* Records for this exercise:
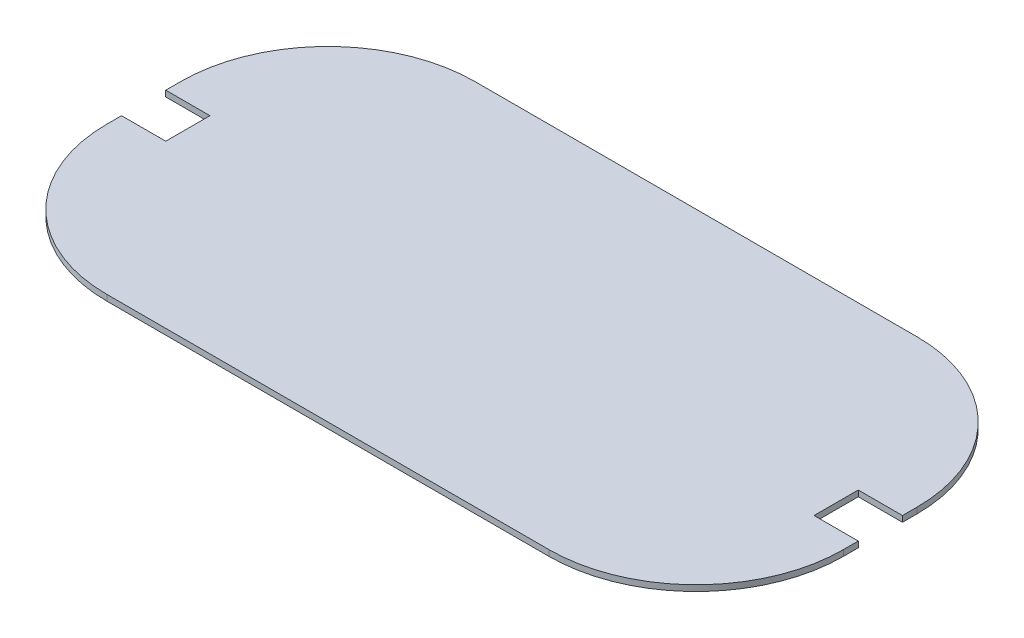
ISO-10303-21;
HEADER;
FILE_DESCRIPTION(('STEP AP214'),'2;1');
FILE_NAME('part.step','',(''),(''),'','','');
FILE_SCHEMA(('AUTOMOTIVE_DESIGN { 1 0 10303 214 1 1 1 1 }'));
ENDSEC;
DATA;
#1=APPLICATION_CONTEXT('core data for automotive mechanical design processes');
#2=APPLICATION_PROTOCOL_DEFINITION('international standard','automotive_design',2000,#1);
#3=PRODUCT_CONTEXT('',#1,'mechanical');
#4=PRODUCT('Part','Part','',(#3));
#5=PRODUCT_RELATED_PRODUCT_CATEGORY('part','',(#4));
#6=PRODUCT_DEFINITION_FORMATION('','',#4);
#7=PRODUCT_DEFINITION_CONTEXT('part definition',#1,'design');
#8=PRODUCT_DEFINITION('design','',#6,#7);
#9=PRODUCT_DEFINITION_SHAPE('','',#8);
#10=(LENGTH_UNIT() NAMED_UNIT(*) SI_UNIT(.MILLI.,.METRE.));
#11=(NAMED_UNIT(*) PLANE_ANGLE_UNIT() SI_UNIT($,.RADIAN.));
#12=(NAMED_UNIT(*) SI_UNIT($,.STERADIAN.) SOLID_ANGLE_UNIT());
#13=UNCERTAINTY_MEASURE_WITH_UNIT(LENGTH_MEASURE(1.E-05),#10,'distance_accuracy_value','');
#14=(GEOMETRIC_REPRESENTATION_CONTEXT(3) GLOBAL_UNCERTAINTY_ASSIGNED_CONTEXT((#13)) GLOBAL_UNIT_ASSIGNED_CONTEXT((#10,
#11,#12)) REPRESENTATION_CONTEXT('',''));
#15=CARTESIAN_POINT('',(0.,0.,0.));
#16=DIRECTION('',(0.,0.,1.));
#17=DIRECTION('',(1.,0.,0.));
#18=AXIS2_PLACEMENT_3D('',#15,#16,#17);
#19=CARTESIAN_POINT('',(250.,4.,125.));
#20=DIRECTION('',(-1.,0.,0.));
#21=DIRECTION('',(0.,0.,1.));
#22=AXIS2_PLACEMENT_3D('',#19,#20,#21);
#23=PLANE('',#22);
#24=DIRECTION('',(0.,0.,-1.));
#25=VECTOR('',#24,1.);
#26=CARTESIAN_POINT('',(250.,4.,125.));
#27=LINE('',#26,#25);
#28=CARTESIAN_POINT('',(250.,4.,-15.));
#29=VERTEX_POINT('',#28);
#30=CARTESIAN_POINT('',(250.,4.,-25.));
#31=VERTEX_POINT('',#30);
#32=EDGE_CURVE('E171',#29,#31,#27,.T.);
#33=ORIENTED_EDGE('',*,*,#32,.F.);
#34=DIRECTION('',(0.,-1.,0.));
#35=VECTOR('',#34,1.);
#36=CARTESIAN_POINT('',(250.,10.,-15.));
#37=LINE('',#36,#35);
#38=CARTESIAN_POINT('',(250.,0.,-15.));
#39=VERTEX_POINT('',#38);
#40=EDGE_CURVE('E156',#29,#39,#37,.T.);
#41=ORIENTED_EDGE('',*,*,#40,.T.);
#42=DIRECTION('',(0.,0.,-1.));
#43=VECTOR('',#42,1.);
#44=CARTESIAN_POINT('',(250.,0.,125.));
#45=LINE('',#44,#43);
#46=CARTESIAN_POINT('',(250.,0.,-25.));
#47=VERTEX_POINT('',#46);
#48=EDGE_CURVE('E169',#39,#47,#45,.T.);
#49=ORIENTED_EDGE('',*,*,#48,.T.);
#50=DIRECTION('',(0.,-1.,0.));
#51=VECTOR('',#50,1.);
#52=CARTESIAN_POINT('',(250.,4.,-25.));
#53=LINE('',#52,#51);
#54=EDGE_CURVE('E198',#47,#31,#53,.F.);
#55=ORIENTED_EDGE('',*,*,#54,.T.);
#56=EDGE_LOOP('',(#33,#41,#49,#55));
#57=FACE_BOUND('',#56,.T.);
#58=ADVANCED_FACE('F39',(#57),#23,.F.);
#59=CARTESIAN_POINT('',(-250.,4.,125.));
#60=DIRECTION('',(1.,0.,0.));
#61=DIRECTION('',(0.,0.,-1.));
#62=AXIS2_PLACEMENT_3D('',#59,#60,#61);
#63=PLANE('',#62);
#64=DIRECTION('',(0.,-1.,0.));
#65=VECTOR('',#64,1.);
#66=CARTESIAN_POINT('',(-250.,10.,-15.));
#67=LINE('',#66,#65);
#68=CARTESIAN_POINT('',(-250.,4.,-15.));
#69=VERTEX_POINT('',#68);
#70=CARTESIAN_POINT('',(-250.,0.,-15.));
#71=VERTEX_POINT('',#70);
#72=EDGE_CURVE('E284',#69,#71,#67,.T.);
#73=ORIENTED_EDGE('',*,*,#72,.F.);
#74=DIRECTION('',(0.,0.,1.));
#75=VECTOR('',#74,1.);
#76=CARTESIAN_POINT('',(-250.,4.,125.));
#77=LINE('',#76,#75);
#78=CARTESIAN_POINT('',(-250.,4.,-25.));
#79=VERTEX_POINT('',#78);
#80=EDGE_CURVE('E250',#79,#69,#77,.T.);
#81=ORIENTED_EDGE('',*,*,#80,.F.);
#82=DIRECTION('',(0.,-1.,0.));
#83=VECTOR('',#82,1.);
#84=CARTESIAN_POINT('',(-250.,4.,-25.));
#85=LINE('',#84,#83);
#86=CARTESIAN_POINT('',(-250.,0.,-25.));
#87=VERTEX_POINT('',#86);
#88=EDGE_CURVE('E11',#79,#87,#85,.T.);
#89=ORIENTED_EDGE('',*,*,#88,.T.);
#90=DIRECTION('',(0.,0.,1.));
#91=VECTOR('',#90,1.);
#92=CARTESIAN_POINT('',(-250.,0.,125.));
#93=LINE('',#92,#91);
#94=EDGE_CURVE('E192',#87,#71,#93,.T.);
#95=ORIENTED_EDGE('',*,*,#94,.T.);
#96=EDGE_LOOP('',(#73,#81,#89,#95));
#97=FACE_BOUND('',#96,.T.);
#98=ADVANCED_FACE('F317',(#97),#63,.F.);
#99=DIRECTION('',(0.,-1.,0.));
#100=VECTOR('',#99,1.);
#101=CARTESIAN_POINT('',(-250.,10.,15.));
#102=LINE('',#101,#100);
#103=CARTESIAN_POINT('',(-250.,4.,15.));
#104=VERTEX_POINT('',#103);
#105=CARTESIAN_POINT('',(-250.,0.,15.));
#106=VERTEX_POINT('',#105);
#107=EDGE_CURVE('E282',#104,#106,#102,.T.);
#108=ORIENTED_EDGE('',*,*,#107,.T.);
#109=CARTESIAN_POINT('',(-250.,0.,25.));
#110=VERTEX_POINT('',#109);
#111=EDGE_CURVE('E191',#106,#110,#93,.T.);
#112=ORIENTED_EDGE('',*,*,#111,.T.);
#113=DIRECTION('',(0.,-1.,0.));
#114=VECTOR('',#113,1.);
#115=CARTESIAN_POINT('',(-250.,4.,25.));
#116=LINE('',#115,#114);
#117=CARTESIAN_POINT('',(-250.,4.,25.));
#118=VERTEX_POINT('',#117);
#119=EDGE_CURVE('E47',#110,#118,#116,.F.);
#120=ORIENTED_EDGE('',*,*,#119,.T.);
#121=EDGE_CURVE('E235',#104,#118,#77,.T.);
#122=ORIENTED_EDGE('',*,*,#121,.F.);
#123=EDGE_LOOP('',(#108,#112,#120,#122));
#124=FACE_BOUND('',#123,.T.);
#125=ADVANCED_FACE('F234',(#124),#63,.F.);
#126=CARTESIAN_POINT('',(0.,4.,0.));
#127=DIRECTION('',(0.,-1.,0.));
#128=DIRECTION('',(0.,0.,-1.));
#129=AXIS2_PLACEMENT_3D('',#126,#127,#128);
#130=PLANE('',#129);
#131=DIRECTION('',(0.,0.,-1.));
#132=VECTOR('',#131,1.);
#133=CARTESIAN_POINT('',(220.,4.,0.));
#134=LINE('',#133,#132);
#135=CARTESIAN_POINT('',(220.,4.,15.));
#136=VERTEX_POINT('',#135);
#137=CARTESIAN_POINT('',(220.,4.,-15.));
#138=VERTEX_POINT('',#137);
#139=EDGE_CURVE('E183',#136,#138,#134,.T.);
#140=ORIENTED_EDGE('',*,*,#139,.T.);
#141=DIRECTION('',(1.,0.,0.));
#142=VECTOR('',#141,1.);
#143=CARTESIAN_POINT('',(0.,4.,-15.));
#144=LINE('',#143,#142);
#145=EDGE_CURVE('E179',#138,#29,#144,.T.);
#146=ORIENTED_EDGE('',*,*,#145,.T.);
#147=ORIENTED_EDGE('',*,*,#32,.T.);
#148=CARTESIAN_POINT('',(150.,4.,-25.));
#149=DIRECTION('',(0.,-1.,0.));
#150=DIRECTION('',(0.,0.,-1.));
#151=AXIS2_PLACEMENT_3D('',#148,#149,#150);
#152=CIRCLE('',#151,100.);
#153=CARTESIAN_POINT('',(150.,4.,-125.));
#154=VERTEX_POINT('',#153);
#155=EDGE_CURVE('E220',#31,#154,#152,.F.);
#156=ORIENTED_EDGE('',*,*,#155,.T.);
#157=DIRECTION('',(-1.,0.,0.));
#158=VECTOR('',#157,1.);
#159=CARTESIAN_POINT('',(-250.,4.,-125.));
#160=LINE('',#159,#158);
#161=CARTESIAN_POINT('',(-150.,4.,-125.));
#162=VERTEX_POINT('',#161);
#163=EDGE_CURVE('E254',#154,#162,#160,.T.);
#164=ORIENTED_EDGE('',*,*,#163,.T.);
#165=CARTESIAN_POINT('',(-150.,4.,-25.));
#166=DIRECTION('',(0.,-1.,0.));
#167=DIRECTION('',(0.,0.,-1.));
#168=AXIS2_PLACEMENT_3D('',#165,#166,#167);
#169=CIRCLE('',#168,100.);
#170=EDGE_CURVE('E218',#162,#79,#169,.F.);
#171=ORIENTED_EDGE('',*,*,#170,.T.);
#172=ORIENTED_EDGE('',*,*,#80,.T.);
#173=DIRECTION('',(-1.,0.,0.));
#174=VECTOR('',#173,1.);
#175=CARTESIAN_POINT('',(0.,4.,-15.));
#176=LINE('',#175,#174);
#177=CARTESIAN_POINT('',(-220.,4.,-15.));
#178=VERTEX_POINT('',#177);
#179=EDGE_CURVE('E265',#178,#69,#176,.T.);
#180=ORIENTED_EDGE('',*,*,#179,.F.);
#181=DIRECTION('',(0.,0.,-1.));
#182=VECTOR('',#181,1.);
#183=CARTESIAN_POINT('',(-220.,4.,0.));
#184=LINE('',#183,#182);
#185=CARTESIAN_POINT('',(-220.,4.,15.));
#186=VERTEX_POINT('',#185);
#187=EDGE_CURVE('E269',#186,#178,#184,.T.);
#188=ORIENTED_EDGE('',*,*,#187,.F.);
#189=DIRECTION('',(1.,0.,0.));
#190=VECTOR('',#189,1.);
#191=CARTESIAN_POINT('',(0.,4.,15.));
#192=LINE('',#191,#190);
#193=EDGE_CURVE('E267',#104,#186,#192,.T.);
#194=ORIENTED_EDGE('',*,*,#193,.F.);
#195=ORIENTED_EDGE('',*,*,#121,.T.);
#196=CARTESIAN_POINT('',(-150.,4.,25.));
#197=DIRECTION('',(0.,-1.,0.));
#198=DIRECTION('',(0.,0.,-1.));
#199=AXIS2_PLACEMENT_3D('',#196,#197,#198);
#200=CIRCLE('',#199,100.);
#201=CARTESIAN_POINT('',(-150.,4.,125.));
#202=VERTEX_POINT('',#201);
#203=EDGE_CURVE('E216',#118,#202,#200,.F.);
#204=ORIENTED_EDGE('',*,*,#203,.T.);
#205=DIRECTION('',(1.,0.,0.));
#206=VECTOR('',#205,1.);
#207=CARTESIAN_POINT('',(-250.,4.,125.));
#208=LINE('',#207,#206);
#209=CARTESIAN_POINT('',(150.,4.,125.));
#210=VERTEX_POINT('',#209);
#211=EDGE_CURVE('E187',#202,#210,#208,.T.);
#212=ORIENTED_EDGE('',*,*,#211,.T.);
#213=CARTESIAN_POINT('',(150.,4.,25.));
#214=DIRECTION('',(0.,-1.,0.));
#215=DIRECTION('',(0.,0.,-1.));
#216=AXIS2_PLACEMENT_3D('',#213,#214,#215);
#217=CIRCLE('',#216,100.);
#218=CARTESIAN_POINT('',(250.,4.,25.));
#219=VERTEX_POINT('',#218);
#220=EDGE_CURVE('E222',#210,#219,#217,.F.);
#221=ORIENTED_EDGE('',*,*,#220,.T.);
#222=CARTESIAN_POINT('',(250.,4.,15.));
#223=VERTEX_POINT('',#222);
#224=EDGE_CURVE('E258',#219,#223,#27,.T.);
#225=ORIENTED_EDGE('',*,*,#224,.T.);
#226=DIRECTION('',(-1.,0.,0.));
#227=VECTOR('',#226,1.);
#228=CARTESIAN_POINT('',(0.,4.,15.));
#229=LINE('',#228,#227);
#230=EDGE_CURVE('E262',#223,#136,#229,.T.);
#231=ORIENTED_EDGE('',*,*,#230,.T.);
#232=EDGE_LOOP('',(#140,#146,#147,#156,#164,#171,#172,#180,#188,#194,#195,#204,#212,#221,#225,#231));
#233=FACE_BOUND('',#232,.T.);
#234=ADVANCED_FACE('F243',(#233),#130,.F.);
#235=CARTESIAN_POINT('',(0.,0.,0.));
#236=DIRECTION('',(0.,-1.,0.));
#237=DIRECTION('',(0.,0.,-1.));
#238=AXIS2_PLACEMENT_3D('',#235,#236,#237);
#239=PLANE('',#238);
#240=DIRECTION('',(1.,0.,0.));
#241=VECTOR('',#240,1.);
#242=CARTESIAN_POINT('',(220.,0.,-15.));
#243=LINE('',#242,#241);
#244=CARTESIAN_POINT('',(220.,0.,-15.));
#245=VERTEX_POINT('',#244);
#246=EDGE_CURVE('E153',#245,#39,#243,.T.);
#247=ORIENTED_EDGE('',*,*,#246,.F.);
#248=DIRECTION('',(0.,0.,-1.));
#249=VECTOR('',#248,1.);
#250=CARTESIAN_POINT('',(220.,0.,15.));
#251=LINE('',#250,#249);
#252=CARTESIAN_POINT('',(220.,0.,15.));
#253=VERTEX_POINT('',#252);
#254=EDGE_CURVE('E172',#253,#245,#251,.T.);
#255=ORIENTED_EDGE('',*,*,#254,.F.);
#256=DIRECTION('',(-1.,0.,0.));
#257=VECTOR('',#256,1.);
#258=CARTESIAN_POINT('',(250.,0.,15.));
#259=LINE('',#258,#257);
#260=CARTESIAN_POINT('',(250.,0.,15.));
#261=VERTEX_POINT('',#260);
#262=EDGE_CURVE('E164',#261,#253,#259,.T.);
#263=ORIENTED_EDGE('',*,*,#262,.F.);
#264=CARTESIAN_POINT('',(250.,0.,25.));
#265=VERTEX_POINT('',#264);
#266=EDGE_CURVE('E178',#265,#261,#45,.T.);
#267=ORIENTED_EDGE('',*,*,#266,.F.);
#268=CARTESIAN_POINT('',(150.,0.,25.));
#269=DIRECTION('',(0.,-1.,0.));
#270=DIRECTION('',(0.,0.,-1.));
#271=AXIS2_PLACEMENT_3D('',#268,#269,#270);
#272=CIRCLE('',#271,100.);
#273=CARTESIAN_POINT('',(150.,0.,125.));
#274=VERTEX_POINT('',#273);
#275=EDGE_CURVE('E209',#265,#274,#272,.T.);
#276=ORIENTED_EDGE('',*,*,#275,.T.);
#277=DIRECTION('',(1.,0.,0.));
#278=VECTOR('',#277,1.);
#279=CARTESIAN_POINT('',(-250.,0.,125.));
#280=LINE('',#279,#278);
#281=CARTESIAN_POINT('',(-150.,0.,125.));
#282=VERTEX_POINT('',#281);
#283=EDGE_CURVE('E195',#282,#274,#280,.T.);
#284=ORIENTED_EDGE('',*,*,#283,.F.);
#285=CARTESIAN_POINT('',(-150.,0.,25.));
#286=DIRECTION('',(0.,-1.,0.));
#287=DIRECTION('',(0.,0.,-1.));
#288=AXIS2_PLACEMENT_3D('',#285,#286,#287);
#289=CIRCLE('',#288,100.);
#290=EDGE_CURVE('E203',#282,#110,#289,.T.);
#291=ORIENTED_EDGE('',*,*,#290,.T.);
#292=ORIENTED_EDGE('',*,*,#111,.F.);
#293=DIRECTION('',(1.,0.,0.));
#294=VECTOR('',#293,1.);
#295=CARTESIAN_POINT('',(-250.,0.,15.));
#296=LINE('',#295,#294);
#297=CARTESIAN_POINT('',(-220.,0.,15.));
#298=VERTEX_POINT('',#297);
#299=EDGE_CURVE('E272',#106,#298,#296,.T.);
#300=ORIENTED_EDGE('',*,*,#299,.T.);
#301=DIRECTION('',(0.,0.,-1.));
#302=VECTOR('',#301,1.);
#303=CARTESIAN_POINT('',(-220.,0.,15.));
#304=LINE('',#303,#302);
#305=CARTESIAN_POINT('',(-220.,0.,-15.));
#306=VERTEX_POINT('',#305);
#307=EDGE_CURVE('E275',#298,#306,#304,.T.);
#308=ORIENTED_EDGE('',*,*,#307,.T.);
#309=DIRECTION('',(-1.,0.,0.));
#310=VECTOR('',#309,1.);
#311=CARTESIAN_POINT('',(-220.,0.,-15.));
#312=LINE('',#311,#310);
#313=EDGE_CURVE('E54',#306,#71,#312,.T.);
#314=ORIENTED_EDGE('',*,*,#313,.T.);
#315=ORIENTED_EDGE('',*,*,#94,.F.);
#316=CARTESIAN_POINT('',(-150.,0.,-25.));
#317=DIRECTION('',(0.,-1.,0.));
#318=DIRECTION('',(0.,0.,-1.));
#319=AXIS2_PLACEMENT_3D('',#316,#317,#318);
#320=CIRCLE('',#319,100.);
#321=CARTESIAN_POINT('',(-150.,0.,-125.));
#322=VERTEX_POINT('',#321);
#323=EDGE_CURVE('E206',#87,#322,#320,.T.);
#324=ORIENTED_EDGE('',*,*,#323,.T.);
#325=DIRECTION('',(-1.,0.,0.));
#326=VECTOR('',#325,1.);
#327=CARTESIAN_POINT('',(-250.,0.,-125.));
#328=LINE('',#327,#326);
#329=CARTESIAN_POINT('',(150.,0.,-125.));
#330=VERTEX_POINT('',#329);
#331=EDGE_CURVE('E182',#330,#322,#328,.T.);
#332=ORIENTED_EDGE('',*,*,#331,.F.);
#333=CARTESIAN_POINT('',(150.,0.,-25.));
#334=DIRECTION('',(0.,-1.,0.));
#335=DIRECTION('',(0.,0.,-1.));
#336=AXIS2_PLACEMENT_3D('',#333,#334,#335);
#337=CIRCLE('',#336,100.);
#338=EDGE_CURVE('E176',#330,#47,#337,.T.);
#339=ORIENTED_EDGE('',*,*,#338,.T.);
#340=ORIENTED_EDGE('',*,*,#48,.F.);
#341=EDGE_LOOP('',(#247,#255,#263,#267,#276,#284,#291,#292,#300,#308,#314,#315,#324,#332,#339,#340));
#342=FACE_BOUND('',#341,.T.);
#343=ADVANCED_FACE('F174',(#342),#239,.T.);
#344=ORIENTED_EDGE('',*,*,#266,.T.);
#345=DIRECTION('',(0.,-1.,0.));
#346=VECTOR('',#345,1.);
#347=CARTESIAN_POINT('',(250.,10.,15.));
#348=LINE('',#347,#346);
#349=EDGE_CURVE('E62',#223,#261,#348,.T.);
#350=ORIENTED_EDGE('',*,*,#349,.F.);
#351=ORIENTED_EDGE('',*,*,#224,.F.);
#352=DIRECTION('',(0.,-1.,0.));
#353=VECTOR('',#352,1.);
#354=CARTESIAN_POINT('',(250.,4.,25.));
#355=LINE('',#354,#353);
#356=EDGE_CURVE('E200',#219,#265,#355,.T.);
#357=ORIENTED_EDGE('',*,*,#356,.T.);
#358=EDGE_LOOP('',(#344,#350,#351,#357));
#359=FACE_BOUND('',#358,.T.);
#360=ADVANCED_FACE('F298',(#359),#23,.F.);
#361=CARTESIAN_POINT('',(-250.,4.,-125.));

* Your objective:
Nothing but an exact copy belongs in the answer: the lines from the top of the records through the line containing "#10=(LENGTH_UNIT() NAMED_UNIT(*) SI_UNIT(.MILLI.,.METRE.));", minus the pictures.

* Answer section:
ISO-10303-21;
HEADER;
FILE_DESCRIPTION(('STEP AP214'),'2;1');
FILE_NAME('part.step','',(''),(''),'','','');
FILE_SCHEMA(('AUTOMOTIVE_DESIGN { 1 0 10303 214 1 1 1 1 }'));
ENDSEC;
DATA;
#1=APPLICATION_CONTEXT('core data for automotive mechanical design processes');
#2=APPLICATION_PROTOCOL_DEFINITION('international standard','automotive_design',2000,#1);
#3=PRODUCT_CONTEXT('',#1,'mechanical');
#4=PRODUCT('Part','Part','',(#3));
#5=PRODUCT_RELATED_PRODUCT_CATEGORY('part','',(#4));
#6=PRODUCT_DEFINITION_FORMATION('','',#4);
#7=PRODUCT_DEFINITION_CONTEXT('part definition',#1,'design');
#8=PRODUCT_DEFINITION('design','',#6,#7);
#9=PRODUCT_DEFINITION_SHAPE('','',#8);
#10=(LENGTH_UNIT() NAMED_UNIT(*) SI_UNIT(.MILLI.,.METRE.));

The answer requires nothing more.